Innerspring mattresses are the most traditional type of mattresses. They have layers or packs of springs as a core. They are well-known for being supportive, bouncy and firm. These mattresses have good temperature regulation and help you sleep cool, even during hot weather. Also, they are less expensive than other popular mattresses. As a drawback, they offer poor motion isolation. The durability of an innerspring mattress depends upon the type of innerspring that has been used in manufacturing. On an average these mattresses last for around 5-6 years.
Memory foam mattress
Memory foam mattresses are known for their amazing body contouring properties. They provide great pressure relief and are considered a preferred option for those who suffer from neck, back or other joint pain. Memory foam mattresses work great for back and side sleepers. They allow you to sleep more into the mattress and create a sink-in feeling while sleeping. However, memory foam tends to absorb body heat and make you sleep hot. So, they are not a good option for hot sleepers.
A latex mattress is made of sap of rubber trees. Latex mattresses are well known for their natural origin. They offer a great balance of comfort and support. They are a great choice for those who prefer to sleep more on the mattress surface. It is easy to move around on a latex mattress surface and this feature offers great help to those who have mobility issues.
A latex mattress is more durable. They have great temperature regulation features and keep you cool, even in hot weather. They are the best option for those who prefer natural and eco-friendly mattresses option. Expert suggests that natural latex is the best material option. It is more resilient and durable compared to other mattress materials.
Hybrid mattresses are another popular mattress option. As the name suggested, they use a combination of material layers to form a mattress. At the base it has a traditional coil system or foam at the base and a comfort layer of memory foam or latex at the top. They offer buoyant support while sleeping and do not cause any sink-in feeling like typical memory foam mattresses. A hybrid mattress reduces motion transfer and may have temperature regulation properties. These are budget friendly options as compared to 100% natural latex mattresses.
A quick comparison between popular mattresses for improving sleep quality
Selecting a good quality mattress for improving your sleep quality is a major task. You should make a final purchase after performing thorough research and comparing all available options.
There are multiple factors like temperature regulation, breathability, motion transfer, quality of material, body support and comfort that should be taken into consideration before deciding on your final option. Additionally, your individual body parameters like your body weight and sleeping position also possess equal importance that help you in making the right decision.
For a detailed comparison between different kinds of mattresses read - Type of Mattress - 2022 (A Complete Guide)

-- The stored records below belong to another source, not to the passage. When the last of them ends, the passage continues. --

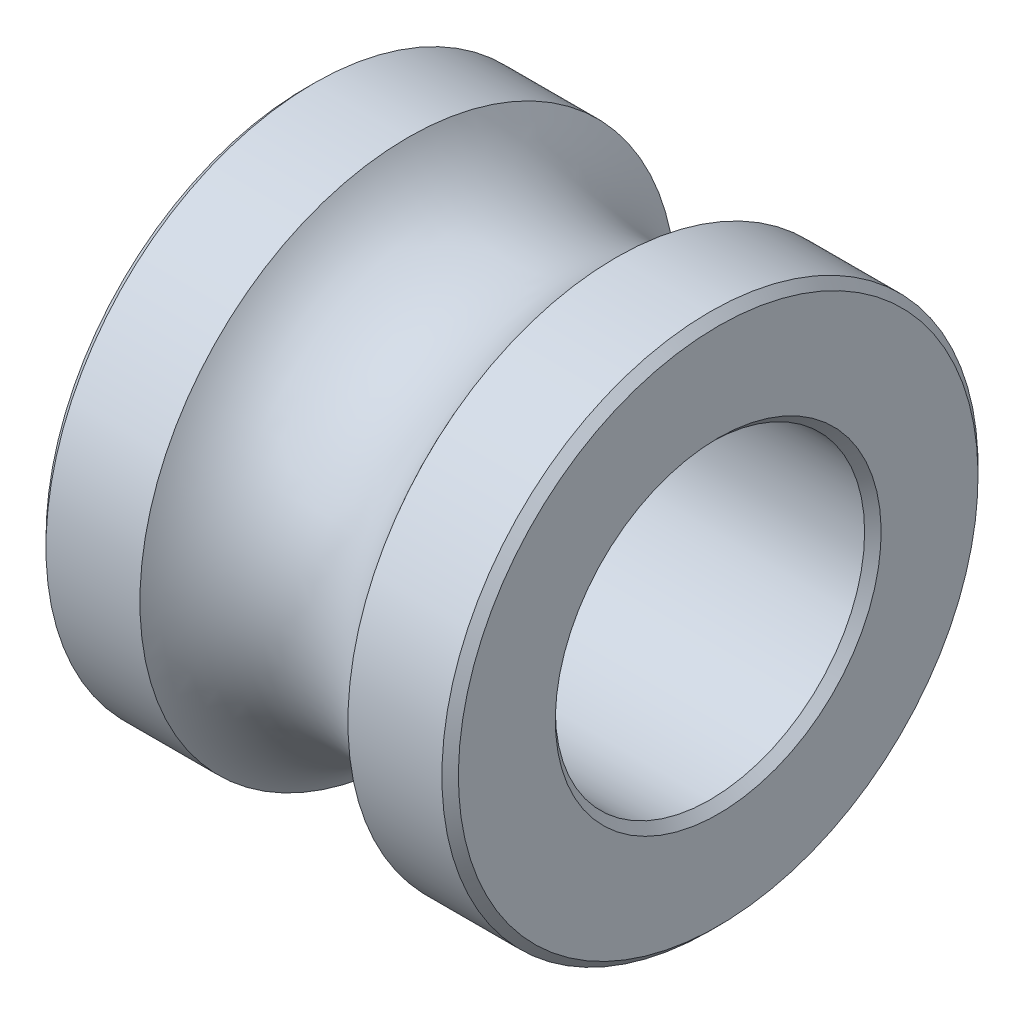
SolidWorks part; units mm, degrees
ref_plane "Front" through (0, 0, 0) normal (0, 0, 1) x (1, 0, 0)
ref_plane "Top" through (0, 0, 0) normal (0, 1, 0) x (1, 0, 0)
ref_plane "Right" through (0, 0, 0) normal (1, 0, 0) x (0, 0, -1)
sketch "Sketch1" plane through (0, 0, 0) normal (0, 0, 1) x (1, 0, 0)
  line L0 (-6.429, 0) -> (6.429, 0) construction
  line L1 (-2, -1.5) -> (2, -1.5) construction
  line L2 (-1.6, -4) -> (-0.9367, -4) construction
  line L3 (-2, -4) -> (-2, -5) construction
  line L4 (-2, -5) -> (2, -5) construction
  line L5 (2, -4) -> (2, -5) construction
  line L6 (0, -1.5) -> (0, -5) construction
  line L7 (-2, -2.6) -> (2, -2.6) construction
  line L8 (-1.6, -4) -> (-1.6, -4.1) construction
  line L9 (-1.6, -4.1) -> (-1.8, -4.1) construction
  line L10 (-1.8, -4.1) -> (-1.8, -4) construction
  line L11 (-1.8, -4) -> (-2, -4) construction
  line L12 (1.8, -4) -> (2, -4) construction
  line L13 (1.8, -4.1) -> (1.8, -4) construction
  line L14 (1.6, -4.1) -> (1.8, -4.1) construction
  line L15 (1.6, -4) -> (1.6, -4.1) construction
  line L16 (0.9367, -4) -> (1.6, -4) construction
  line L17 (-2, -1.5) -> (-2, -2.6)
  line L18 (-2, -2.6) -> (-1.0087, -2.6)
  line L19 (-2, -1.5) -> (2, -1.5)
  line L20 (2, -1.5) -> (2, -2.6)
  line L21 (2, -2.6) -> (1.0087, -2.6)
  circle A0 centre (0, -3.25) radius 1.2 construction
  arc A1 (-1.0087, -2.6) -> (1.0087, -2.6) centre (0, -3.25) cw
  point P13 (0, -3.25)
  point P15 (-1.8, -4.05)
  point P26 (0, 0)
  point P30 (0, -2.6)
  dimension "D3" = 2.4
  dimension "D1" = 5
  dimension "D2" = 1.5
  dimension "D4" = 2.6
  dimension "D5" = 4
  dimension "D6" = 0.4
  dimension "D7" = 4
  dimension "D8" = 0.1
  dimension "D9" = 0.2
  dimension "D11" = 4
revolve "Revolve1" add sketch "Sketch1" angle 360 about L0
chamfer "Chamfer1" distance 0.08 angle 45 4 edges at (-2, -1.5, 0) (-2, -2.6, 0) (2, -2.6, 0) (2, -1.5, 0)
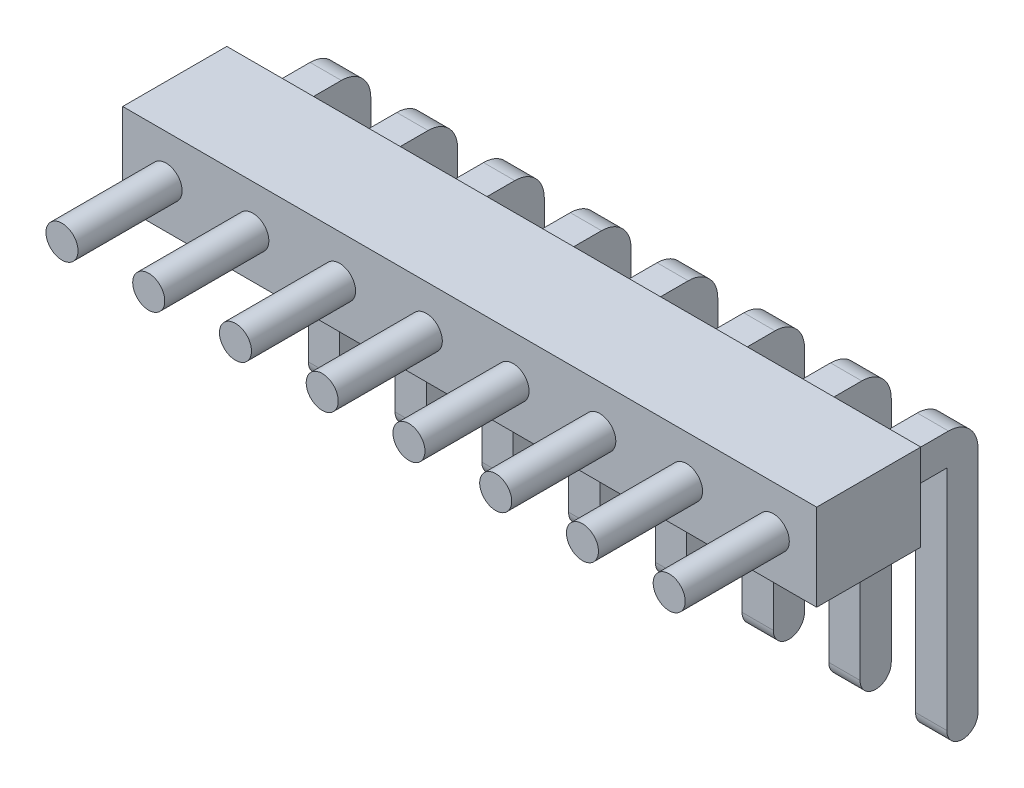
SolidWorks part; units mm, degrees
ref_plane "Alzado" through (0, 0, 0) normal (0, 0, 1) x (1, 0, 0)
ref_plane "Planta" through (0, 0, 0) normal (0, 1, 0) x (1, 0, 0)
ref_plane "Vista lateral" through (0, 0, 0) normal (1, 0, 0) x (0, 0, -1)
sketch "Croquis1" plane through (0, 0, 0) normal (0, 0, 1) x (1, 0, 0)
  line L0 (-10, 1.25) -> (10, 1.25)
  line L1 (-10, 1.25) -> (-10, -1.25)
  line L2 (-10, -1.25) -> (10, -1.25)
  line L3 (10, 1.25) -> (10, -1.25)
  line L4 (-10, 1.25) -> (10, -1.25) construction
  line L5 (-10, -1.25) -> (10, 1.25) construction
  point P0 (0, 0)
  dimension "D1" = 2.5
  dimension "D2" = 20
extrude "Saliente-Extruir1" add sketch "Croquis1" along normal blind 3
sketch "Croquis2" plane through (0, 0, 3) normal (0, 0, 1) x (1, 0, 0)
  line L0 (-10, 0) -> (-8.75, 0) construction
  line L1 (-10, 1.25) -> (-10, -1.25) construction
  line L7 (-9.2, 0.45) -> (-8.3, -0.45) construction
  line L8 (-9.2, -0.45) -> (-8.3, 0.45) construction
  circle A4 centre (-8.75, 0) radius 0.4616
  dimension "D1" = 1.25
  dimension "D2" = 0.9
  dimension "D3" = 0.9
extrude "Saliente-Extruir2" add sketch "Croquis2" along normal blind 3
pattern_linear "MatrizL1" count 8 spacing 2.5 along (1, 0, 0) of "Saliente-Extruir2"
ref_plane "Plano1" through (8.75, 0, 0) normal (1, 0, 0) x (0, 0, -1)
sketch "Croquis3" plane through (8.75, 0, 0) normal (1, 0, 0) x (0, 0, -1)
  line L0 (0, 0) -> (1.6, 0) construction
  line L1 (2, -0.4) -> (2, -7) construction
  line L2 (0, -0.45) -> (1.55, -0.45)
  line L3 (1.55, -0.45) -> (1.55, -7)
  line L4 (0, 0.45) -> (1.6, 0.45)
  line L5 (2.45, -0.4) -> (2.45, -7)
  line L6 (0, 0.45) -> (0, -0.45)
  arc A0 (1.6, 0) -> (2, -0.4) centre (1.6, -0.4) cw construction
  arc A1 (1.55, -0.45) -> (1.55, -0.45) centre (1.55, -0.45) cw
  arc A2 (1.6, 0.45) -> (2.45, -0.4) centre (1.6, -0.4) cw
  arc A4 (1.55, -7) -> (2.45, -7) centre (2, -7) ccw
  point P6 (2, 0)
  dimension "D3" = 0.4
  dimension "D1" = 2
  dimension "D2" = 7
  dimension "D4" = 0.45
  dimension "D5" = 0.45
extrude "Saliente-Extruir3" add sketch "Croquis3" along normal blind 0.45 and the other way blind 0.45
pattern_linear "MatrizL2" count 8 spacing 2.5 along (-1, 0, 0) of "Saliente-Extruir3"

In general, latex mattresses are the best option for improving sleep quality. It keeps your spine in a neutral position and helps you sleep better at night. This way, it can help you in your weight loss journey.
Sleep and the weight loss process are interlinked. If you want to lose weight, you should pay proper attention to your sleep quality. Follow the tips shared above to improve the quality of your sleep and see it’s impact on your weight loss journey. Another aspect is to check your mattress quality. It is an important aspect to ensuring quality sleep and you should not ignore this if you want to be consistent in your weight loss journey.